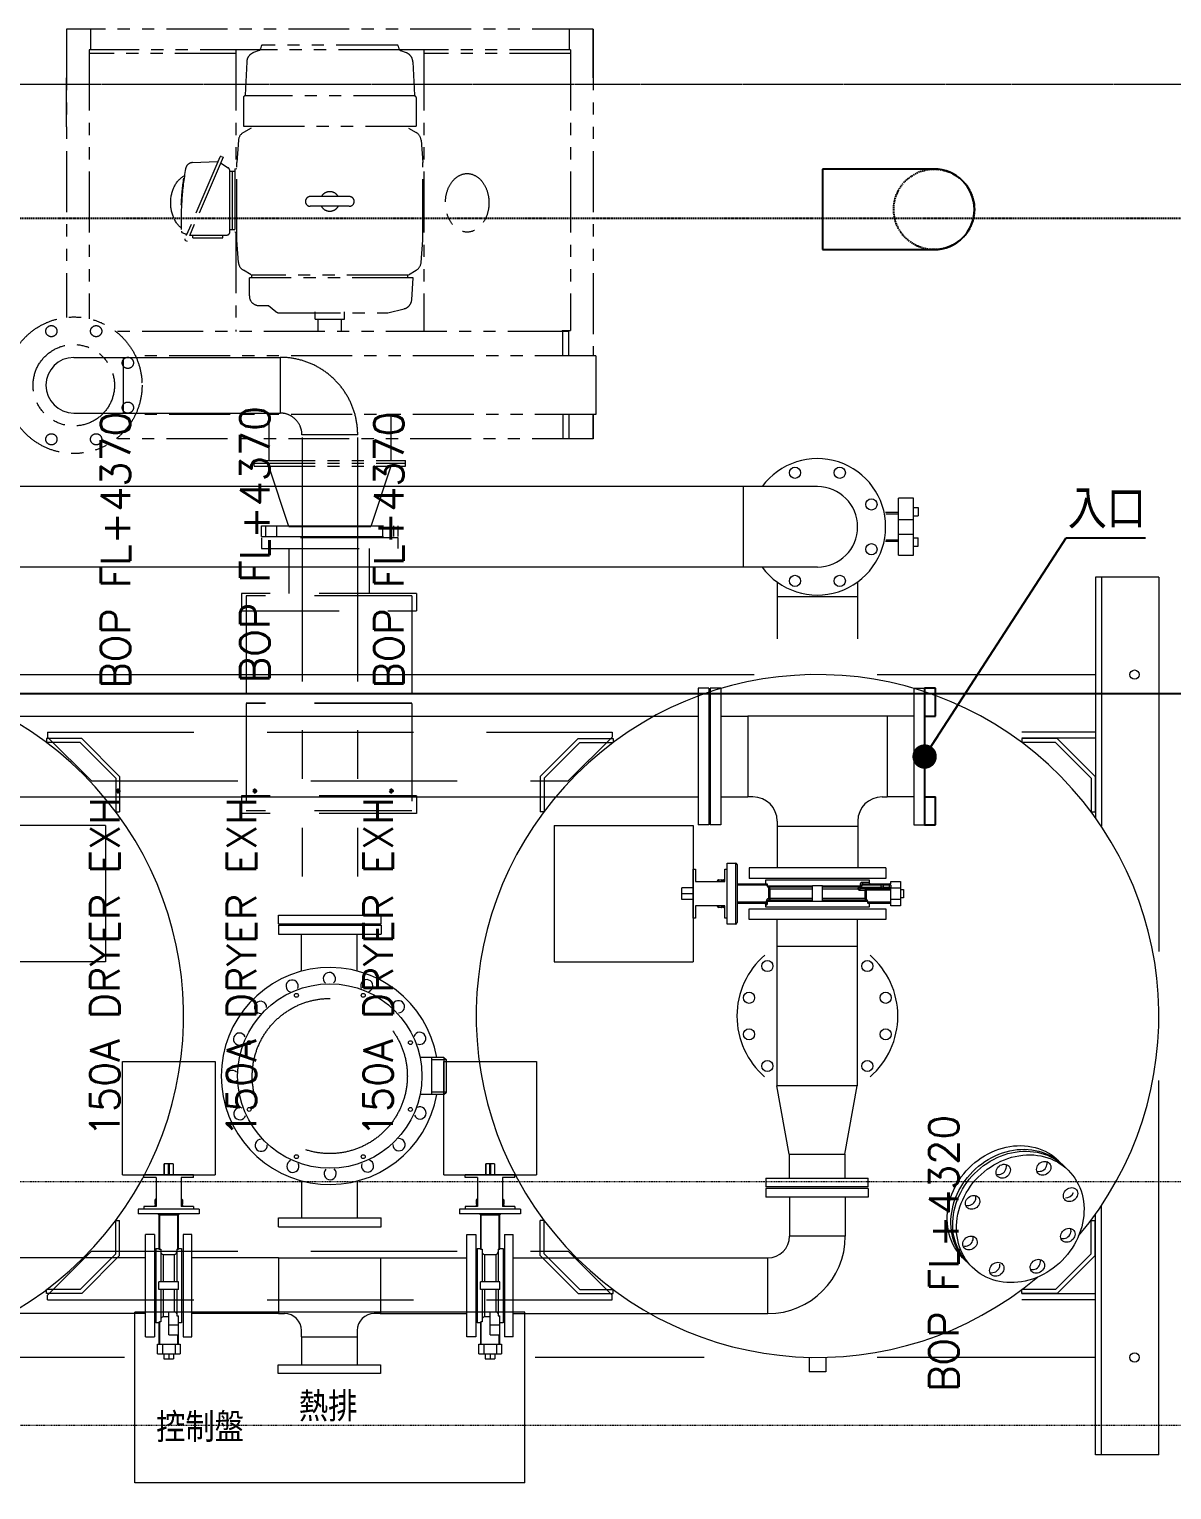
# Model space of a CAD drawing. Extents: x 0 to 160756, y 0 to 229247.
# Drawn here: x 56066 to 58409, y 92093 to 95088 of the extents above; entities that cross this region are included whole.
import ezdxf
from ezdxf.xclip import XClip

# ---------------------------------------------------------------- set-up
doc = ezdxf.new("R2010")
doc.units = 0
doc.header["$LTSCALE"] = 10
doc.header["$XCLIPFRAME"] = 2
for name, pattern in [('H12設備棟3F$0$CENTERK5', [6.916, 6.667, -0.083, 0.083, -0.083]), ('H12設備棟3F$0$DOTK1', [0.1, 0.05, -0.05]), ('H12設備棟3F$0$HIDDEN', [0.375, 0.25, -0.125]), ('H12設備棟3F$0$STYLE_18', [0.23669, 0.118345, -0.118345]), ('XCM7P30CDA$0$HIDDEN', [0.375, 0.25, -0.125]), ('XCM7Q30CDA-200K$0$DASHEDX2', [1.5, 1, -0.5]), ('XCM7Q30CDA-200K$0$PHANTOM', [2.5, 1.25, -0.25, 0.25, -0.25, 0.25, -0.25]), ('XCM7Q30CDA-200K$0$PHANTOMX2', [5, 2.5, -0.5, 0.5, -0.5, 0.5, -0.5])]:
    doc.linetypes.add(name, pattern=pattern)
for name, color, linetype in [('H12設備棟3F$0$ARC-BEAM', 252, 'H12設備棟3F$0$HIDDEN'), ('H12設備棟3F$0$H-SIN', 252, 'H12設備棟3F$0$CENTERK5'), ('H12設備棟3F$0$SETUBID', 252, 'H12設備棟3F$0$DOTK1'), ('H12設備棟3F$0$\uf4c9\ue50a', 252, 'Continuous'), ('XCM7P30CDA$0$U-CDA-PIPE', 252, 'Continuous'), ('XCM7P30CDA$0$U-CDA-PIPE 2', 252, 'Continuous'), ('XCM7P30CDA$0$U-CDA-TXT-01', 252, 'Continuous'), ('XCM7Q30CDA-200K$0$UER-FUTUER', 9, 'Continuous')]:
    doc.layers.add(name, color=color, linetype=linetype)
doc.styles.add('XCM7P30CDA$0$aa-txt', font='simplex.shx', dxfattribs={"width": 0.8, "bigfont": 'chineset.shx'})
doc.styles.add('XCM7Q30CDA-200K$0$Standard', font='txt.shx', dxfattribs={"bigfont": 'chineset.shx'})
doc.dimstyles.new('XCM7Q30CDA-200K$0$STANDARD', dxfattribs={"dimtxt": 0.18, "dimasz": 0.18, "dimexe": 0.18, "dimexo": 0.0625, "dimgap": 0.09, "dimtad": 0, "dimtih": 1, "dimtoh": 1, "dimdec": 4, "dimzin": 0, "dimdsep": 46, "dimtxsty": 'XCM7Q30CDA-200K$0$Standard', "dimcen": 0.09, "dimadec": 0, "dimazin": 0, "dimtfac": 1, "dimtdec": 4, "dimtofl": 0, "dimtmove": 0, "dimatfit": 3, "dimfxl": 1, "dimtolj": 1, "dimtzin": 0, "dimarcsym": 0})

# ---------------------------------------------------------------- blocks, each defined once
blk = doc.blocks.new('H12設備棟3F')
at = {"layer": 'H12設備棟3F$0$ARC-BEAM'}
blk.add_line((54535.2, 94700.3), (62735.2, 94700.3), dxfattribs=at)
at = {"layer": 'H12設備棟3F$0$H-SIN', "lineweight": 5}
blk.add_line((31421.4, 94975.3), (81271.4, 94975.3), dxfattribs=at)
at = {"layer": 'H12設備棟3F$0$SETUBID', "linetype": 'H12設備棟3F$0$STYLE_18', "lineweight": 5}
blk.add_lwpolyline([(55135.2, 92725.3), (60635.2, 92725.3), (60635.2, 92225.3), (55135.2, 92225.3)], close=True, dxfattribs=at)
at = {"layer": 'H12設備棟3F$0$\uf4c9\ue50a'}
blk.add_lwpolyline([(59885.2, 93725.3), (55885.2, 93725.3), (55885.2, 91225.3), (59885.2, 91225.3)], close=True, dxfattribs=at)
blk = doc.blocks.new('XCM7Q30CDA-200K$0$_Dot')
at = {"color": 0, "linetype": 'ByBlock', "lineweight": -2}
blk.add_line((-0.5, 0), (-1, 0), dxfattribs=at)
at = {"color": 0, "linetype": 'ByBlock', "const_width": 0.5}
blk.add_lwpolyline([(-0.25, 0, 1), (0.25, 0, 1)], format="xyb", close=True, dxfattribs=at)
blk = doc.blocks.new('XCM7P30CDA$0$F22P2-CDA-07-C20-00$0$FlangeSide-16.52x10KG')
for p, q in [((-2.2, 14), (-2.2, 8.26)), ((0, 14), (-2.2, 14)), ((0, -14), (0, 14)), ((0, 8.26), (-2.2, 8.26)), ((0, -8.26), (-2.2, -8.26)), ((-2.2, -8.26), (-2.2, -14)), ((-2.2, -14), (0, -14))]:
    blk.add_line(p, q)
blk = doc.blocks.new('XCM7P30CDA$0$A$Cefb5f231')
at = {"layer": 'XCM7P30CDA$0$U-CDA-PIPE 2', "xscale": 10, "yscale": 10, "zscale": 10, "rotation": 180}
blk.add_blockref('XCM7P30CDA$0$F22P2-CDA-07-C20-00$0$FlangeSide-16.52x10KG', (-936.4, -650.6), dxfattribs=at)
blk = doc.blocks.new('XCM7P30CDA$0$F22P2-CDA-07-C20-00$0$LRElbowDown-16.52')
for p, q in [((22.86, 8.26), (0, 8.26)), ((22.86, -8.26), (22.86, 8.26)), ((0, -8.26), (22.86, -8.26))]:
    blk.add_line(p, q)
blk.add_arc((0, 0), 8.26, 90, 270)
blk = doc.blocks.new('XCM7P30CDA')
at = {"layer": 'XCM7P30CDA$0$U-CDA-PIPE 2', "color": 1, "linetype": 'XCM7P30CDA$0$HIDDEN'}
•••••
== EXERCISE DESCRIPTION ==
Go through the entries above and copy each line holding the string "pattern".

== RESPONSE FOR THIS EXERCISE ==
for name, pattern in [('H12設備棟3F$0$CENTERK5', [6.916, 6.667, -0.083, 0.083, -0.083]), ('H12設備棟3F$0$DOTK1', [0.1, 0.05, -0.05]), ('H12設備棟3F$0$HIDDEN', [0.375, 0.25, -0.125]), ('H12設備棟3F$0$STYLE_18', [0.23669, 0.118345, -0.118345]), ('XCM7P30CDA$0$HIDDEN', [0.375, 0.25, -0.125]), ('XCM7Q30CDA-200K$0$DASHEDX2', [1.5, 1, -0.5]), ('XCM7Q30CDA-200K$0$PHANTOM', [2.5, 1.25, -0.25, 0.25, -0.25, 0.25, -0.25]), ('XCM7Q30CDA-200K$0$PHANTOMX2', [5, 2.5, -0.5, 0.5, -0.5, 0.5, -0.5])]:
    doc.linetypes.add(name, pattern=pattern)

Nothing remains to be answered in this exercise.